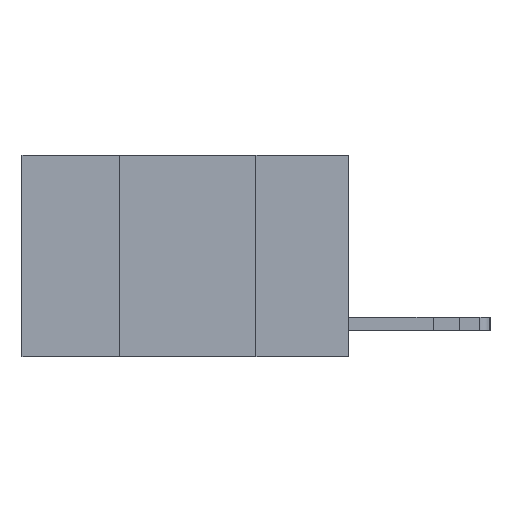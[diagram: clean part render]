
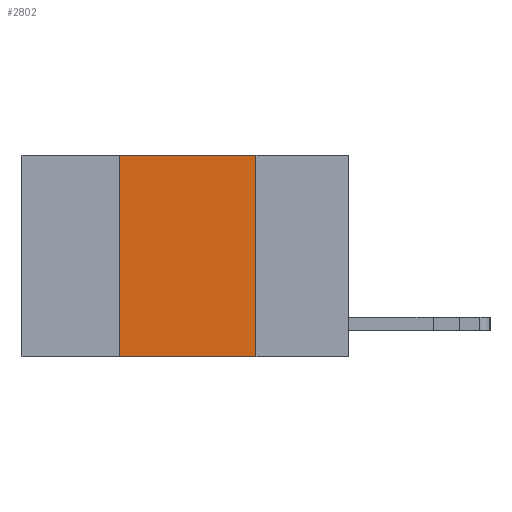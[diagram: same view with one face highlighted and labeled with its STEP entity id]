
A CAD part, left-side view. The second image highlights one B-rep face of the part: STEP entity #2802.
In plain terms, the highlighted planar face has unit normal (-1, 0, 0).
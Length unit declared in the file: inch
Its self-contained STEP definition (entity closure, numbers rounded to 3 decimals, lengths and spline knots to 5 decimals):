
#313 = VERTEX_POINT ( 'NONE', #4983 ) ;
#558 = ORIENTED_EDGE ( 'NONE', *, *, #7022, .F. ) ;
#575 = VERTEX_POINT ( 'NONE', #5095 ) ;
#825 = VECTOR ( 'NONE', #6452, 39.37008 ) ;
#1120 = LINE ( 'NONE', #10856, #825 ) ;
#1418 = CARTESIAN_POINT ( 'NONE',  ( 0., 0.42, 0. ) ) ;
#1722 = VECTOR ( 'NONE', #2714, 39.37008 ) ;
#2564 = ORIENTED_EDGE ( 'NONE', *, *, #9140, .T. ) ;
#2714 = DIRECTION ( 'NONE',  ( 0., -1., 0. ) ) ;
#2802 = ADVANCED_FACE ( 'NONE', ( #7423 ), #8124, .F. ) ;
#3412 = EDGE_LOOP ( 'NONE', ( #9619, #558, #11568, #2564 ) ) ;
#3506 = CARTESIAN_POINT ( 'NONE',  ( 0., 0.6, 0. ) ) ;
#3681 = VECTOR ( 'NONE', #4150, 39.37008 ) ;
#3935 = CARTESIAN_POINT ( 'NONE',  ( 0., 0.6, -0.37 ) ) ;
#4150 = DIRECTION ( 'NONE',  ( 0., 0., 1. ) ) ;
#4796 = DIRECTION ( 'NONE',  ( 1., 0., 0. ) ) ;
#4804 = DIRECTION ( 'NONE',  ( 0., -1., 0. ) ) ;
#4983 = CARTESIAN_POINT ( 'NONE',  ( 0., 0.42, -0.37 ) ) ;
#5095 = CARTESIAN_POINT ( 'NONE',  ( 0., 0.42, 0. ) ) ;
#5631 = VECTOR ( 'NONE', #4804, 39.37008 ) ;
#5672 = VERTEX_POINT ( 'NONE', #9078 ) ;
#6312 = LINE ( 'NONE', #1418, #3681 ) ;
#6452 = DIRECTION ( 'NONE',  ( 0., 0., -1. ) ) ;
#6457 = AXIS2_PLACEMENT_3D ( 'NONE', #3506, #4796, #6618 ) ;
#6480 = LINE ( 'NONE', #8908, #1722 ) ;
#6618 = DIRECTION ( 'NONE',  ( 0., 0., -1. ) ) ;
#7022 = EDGE_CURVE ( 'NONE', #575, #8378, #6480, .T. ) ;
#7423 = FACE_OUTER_BOUND ( 'NONE', #3412, .T. ) ;
#8121 = EDGE_CURVE ( 'NONE', #313, #575, #6312, .T. ) ;
#8124 = PLANE ( 'NONE',  #6457 ) ;
#8378 = VERTEX_POINT ( 'NONE', #8996 ) ;
#8435 = EDGE_CURVE ( 'NONE', #8378, #5672, #1120, .T. ) ;
#8908 = CARTESIAN_POINT ( 'NONE',  ( 0., 0.6, 0. ) ) ;
#8996 = CARTESIAN_POINT ( 'NONE',  ( 0., 0.17, 0. ) ) ;
#9078 = CARTESIAN_POINT ( 'NONE',  ( 0., 0.17, -0.37 ) ) ;
#9140 = EDGE_CURVE ( 'NONE', #313, #5672, #10027, .T. ) ;
#9619 = ORIENTED_EDGE ( 'NONE', *, *, #8435, .F. ) ;
#10027 = LINE ( 'NONE', #3935, #5631 ) ;
#10856 = CARTESIAN_POINT ( 'NONE',  ( 0., 0.17, 0. ) ) ;
#11568 = ORIENTED_EDGE ( 'NONE', *, *, #8121, .F. ) ;
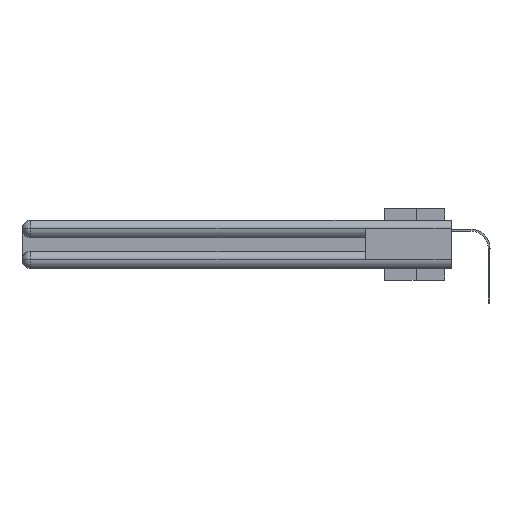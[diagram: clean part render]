
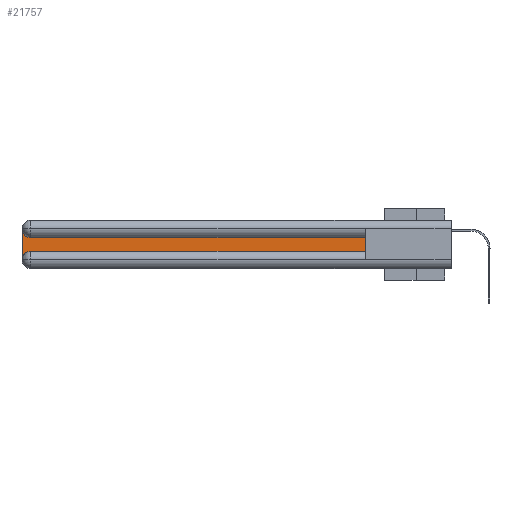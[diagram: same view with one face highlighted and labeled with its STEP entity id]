
A CAD part, left-side view. The second image highlights one B-rep face of the part: STEP entity #21757.
In plain terms, the highlighted planar face has unit normal (-1, 0, 0).
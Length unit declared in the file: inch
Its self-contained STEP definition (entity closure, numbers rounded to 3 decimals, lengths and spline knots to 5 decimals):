
#438 = ORIENTED_EDGE ( 'NONE', *, *, #23695, .T. ) ;
#2860 = CARTESIAN_POINT ( 'NONE',  ( 0.075, 2.94, -0.0625 ) ) ;
#3007 = DIRECTION ( 'NONE',  ( 0., 0., 1. ) ) ;
#3609 = DIRECTION ( 'NONE',  ( 1., 0., 0. ) ) ;
#4125 = VERTEX_POINT ( 'NONE', #24517 ) ;
#4468 = CARTESIAN_POINT ( 'NONE',  ( 0.075, 2.94, -0.2775 ) ) ;
#4970 = DIRECTION ( 'NONE',  ( 0., 1., 0. ) ) ;
#5007 = AXIS2_PLACEMENT_3D ( 'NONE', #4468, #13725, #22971 ) ;
#5488 = ORIENTED_EDGE ( 'NONE', *, *, #21924, .T. ) ;
#7691 = DIRECTION ( 'NONE',  ( 1., 0., 0. ) ) ;
#8464 = EDGE_CURVE ( 'NONE', #8648, #10025, #11984, .T. ) ;
#8648 = VERTEX_POINT ( 'NONE', #26492 ) ;
#9618 = LINE ( 'NONE', #18902, #29722 ) ;
#10025 = VERTEX_POINT ( 'NONE', #16128 ) ;
#10178 = VECTOR ( 'NONE', #4970, 39.37008 ) ;
#10561 = EDGE_CURVE ( 'NONE', #21005, #4125, #23758, .T. ) ;
#11399 = EDGE_CURVE ( 'NONE', #17068, #29346, #15682, .T. ) ;
#11984 = CIRCLE ( 'NONE', #15876, 0.06 ) ;
#12269 = VECTOR ( 'NONE', #3007, 39.37008 ) ;
#13725 = DIRECTION ( 'NONE',  ( 1., 0., 0. ) ) ;
#15414 = CARTESIAN_POINT ( 'NONE',  ( 0.075, 3., -0.1225 ) ) ;
#15682 = CIRCLE ( 'NONE', #5007, 0.06 ) ;
#15876 = AXIS2_PLACEMENT_3D ( 'NONE', #2860, #7691, #25749 ) ;
#16128 = CARTESIAN_POINT ( 'NONE',  ( 0.075, 3., -0.0625 ) ) ;
#16353 = LINE ( 'NONE', #21065, #10178 ) ;
#17068 = VERTEX_POINT ( 'NONE', #22143 ) ;
#17113 = CARTESIAN_POINT ( 'NONE',  ( 0.075, 2.94, -0.2175 ) ) ;
#17387 = PLANE ( 'NONE',  #22306 ) ;
#17839 = ORIENTED_EDGE ( 'NONE', *, *, #8464, .T. ) ;
#17923 = LINE ( 'NONE', #25043, #27189 ) ;
#18902 = CARTESIAN_POINT ( 'NONE',  ( 0.075, 3., -0.2175 ) ) ;
#18917 = CARTESIAN_POINT ( 'NONE',  ( 0.075, 0.6, -0.2175 ) ) ;
#20255 = ORIENTED_EDGE ( 'NONE', *, *, #10561, .T. ) ;
#20347 = DIRECTION ( 'NONE',  ( 0., -1., 0. ) ) ;
#21005 = VERTEX_POINT ( 'NONE', #25319 ) ;
#21043 = EDGE_LOOP ( 'NONE', ( #5488, #17839, #438, #27915, #29706, #20255 ) ) ;
#21065 = CARTESIAN_POINT ( 'NONE',  ( 0.075, 0.6, -0.1225 ) ) ;
#21757 = ADVANCED_FACE ( 'NONE', ( #26916 ), #17387, .F. ) ;
#21924 = EDGE_CURVE ( 'NONE', #4125, #8648, #16353, .T. ) ;
#22143 = CARTESIAN_POINT ( 'NONE',  ( 0.075, 3., -0.2775 ) ) ;
#22306 = AXIS2_PLACEMENT_3D ( 'NONE', #15414, #3609, #27071 ) ;
#22971 = DIRECTION ( 'NONE',  ( 0., 0., -1. ) ) ;
#23695 = EDGE_CURVE ( 'NONE', #10025, #17068, #9618, .T. ) ;
#23758 = LINE ( 'NONE', #18917, #12269 ) ;
#24517 = CARTESIAN_POINT ( 'NONE',  ( 0.075, 0.6, -0.1225 ) ) ;
#25043 = CARTESIAN_POINT ( 'NONE',  ( 0.075, 0.6, -0.2175 ) ) ;
#25319 = CARTESIAN_POINT ( 'NONE',  ( 0.075, 0.6, -0.2175 ) ) ;
#25749 = DIRECTION ( 'NONE',  ( 0., 0., -1. ) ) ;
#26492 = CARTESIAN_POINT ( 'NONE',  ( 0.075, 2.94, -0.1225 ) ) ;
#26916 = FACE_OUTER_BOUND ( 'NONE', #21043, .T. ) ;
#27071 = DIRECTION ( 'NONE',  ( 0., 0., -1. ) ) ;
#27189 = VECTOR ( 'NONE', #20347, 39.37008 ) ;
#27915 = ORIENTED_EDGE ( 'NONE', *, *, #11399, .T. ) ;
#28124 = DIRECTION ( 'NONE',  ( 0., 0., -1. ) ) ;
#29346 = VERTEX_POINT ( 'NONE', #17113 ) ;
#29706 = ORIENTED_EDGE ( 'NONE', *, *, #29951, .T. ) ;
#29722 = VECTOR ( 'NONE', #28124, 39.37008 ) ;
#29951 = EDGE_CURVE ( 'NONE', #29346, #21005, #17923, .T. ) ;
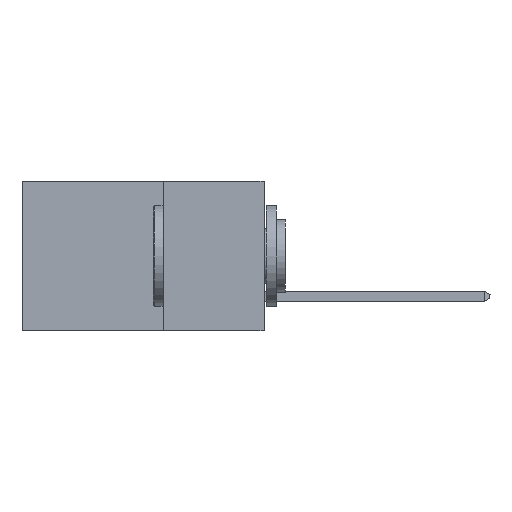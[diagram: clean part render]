
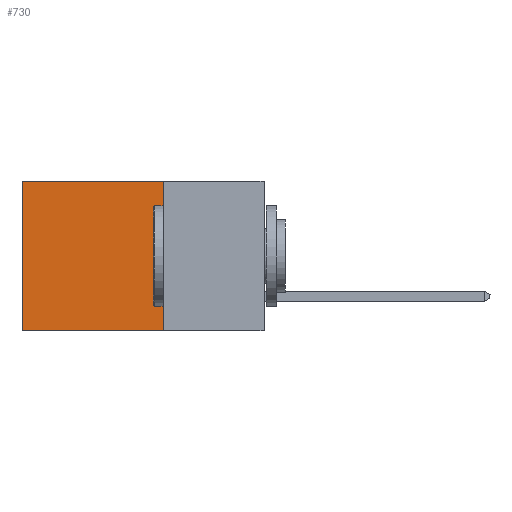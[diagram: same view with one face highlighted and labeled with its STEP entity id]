
A CAD part, left-side view. The second image highlights one B-rep face of the part: STEP entity #730.
In plain terms, the highlighted planar face has unit normal (-1, 0, 0).
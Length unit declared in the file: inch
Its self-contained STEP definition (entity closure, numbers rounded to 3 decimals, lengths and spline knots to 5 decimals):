
#133 = CARTESIAN_POINT ( 'NONE',  ( 0.2615, 0.6, -0.37 ) ) ;
#730 = ADVANCED_FACE ( 'NONE', ( #6568 ), #18521, .F. ) ;
#1193 = CARTESIAN_POINT ( 'NONE',  ( 0.2615, 0.25, -0.37 ) ) ;
#2719 = DIRECTION ( 'NONE',  ( 0., 0., -1. ) ) ;
#2989 = DIRECTION ( 'NONE',  ( 0., 1., 0. ) ) ;
#4090 = CARTESIAN_POINT ( 'NONE',  ( 0.2615, 0.6, -0.37 ) ) ;
#4914 = LINE ( 'NONE', #1193, #11809 ) ;
#5295 = EDGE_CURVE ( 'NONE', #17483, #13123, #9875, .T. ) ;
#6444 = DIRECTION ( 'NONE',  ( 1., 0., 0. ) ) ;
#6568 = FACE_OUTER_BOUND ( 'NONE', #7644, .T. ) ;
#6604 = VECTOR ( 'NONE', #11564, 39.37008 ) ;
#6909 = LINE ( 'NONE', #8730, #16899 ) ;
#6986 = AXIS2_PLACEMENT_3D ( 'NONE', #22651, #6444, #2719 ) ;
#7012 = CARTESIAN_POINT ( 'NONE',  ( 0.2615, 0.6, 0. ) ) ;
#7644 = EDGE_LOOP ( 'NONE', ( #19032, #20850, #11343, #24598 ) ) ;
#8655 = EDGE_CURVE ( 'NONE', #12130, #13123, #4914, .T. ) ;
#8730 = CARTESIAN_POINT ( 'NONE',  ( 0.2615, 0.25, -0.37 ) ) ;
#9875 = LINE ( 'NONE', #4090, #22100 ) ;
#11343 = ORIENTED_EDGE ( 'NONE', *, *, #17910, .F. ) ;
#11564 = DIRECTION ( 'NONE',  ( 0., 1., 0. ) ) ;
#11809 = VECTOR ( 'NONE', #2989, 39.37008 ) ;
#11823 = VERTEX_POINT ( 'NONE', #19716 ) ;
#12130 = VERTEX_POINT ( 'NONE', #17022 ) ;
#13123 = VERTEX_POINT ( 'NONE', #133 ) ;
#14501 = DIRECTION ( 'NONE',  ( 0., 0., -1. ) ) ;
#15178 = LINE ( 'NONE', #19165, #6604 ) ;
#16037 = DIRECTION ( 'NONE',  ( 0., 0., -1. ) ) ;
#16827 = EDGE_CURVE ( 'NONE', #11823, #17483, #15178, .T. ) ;
#16899 = VECTOR ( 'NONE', #14501, 39.37008 ) ;
#17022 = CARTESIAN_POINT ( 'NONE',  ( 0.2615, 0.25, -0.37 ) ) ;
#17483 = VERTEX_POINT ( 'NONE', #7012 ) ;
#17910 = EDGE_CURVE ( 'NONE', #11823, #12130, #6909, .T. ) ;
#18521 = PLANE ( 'NONE',  #6986 ) ;
#19032 = ORIENTED_EDGE ( 'NONE', *, *, #5295, .T. ) ;
#19165 = CARTESIAN_POINT ( 'NONE',  ( 0.2615, 0.25, 0. ) ) ;
#19716 = CARTESIAN_POINT ( 'NONE',  ( 0.2615, 0.25, 0. ) ) ;
#20850 = ORIENTED_EDGE ( 'NONE', *, *, #8655, .F. ) ;
#22100 = VECTOR ( 'NONE', #16037, 39.37008 ) ;
#22651 = CARTESIAN_POINT ( 'NONE',  ( 0.2615, 0.25, -0.37 ) ) ;
#24598 = ORIENTED_EDGE ( 'NONE', *, *, #16827, .T. ) ;

EXERCISE OBJECTIVE: Each line above that contains the word "PLANE" should be returned.

TASK SOLUTION:
#8124 = PLANE ( 'NONE',  #6457 ) ;
#17387 = PLANE ( 'NONE',  #22306 ) ;
#18521 = PLANE ( 'NONE',  #6986 ) ;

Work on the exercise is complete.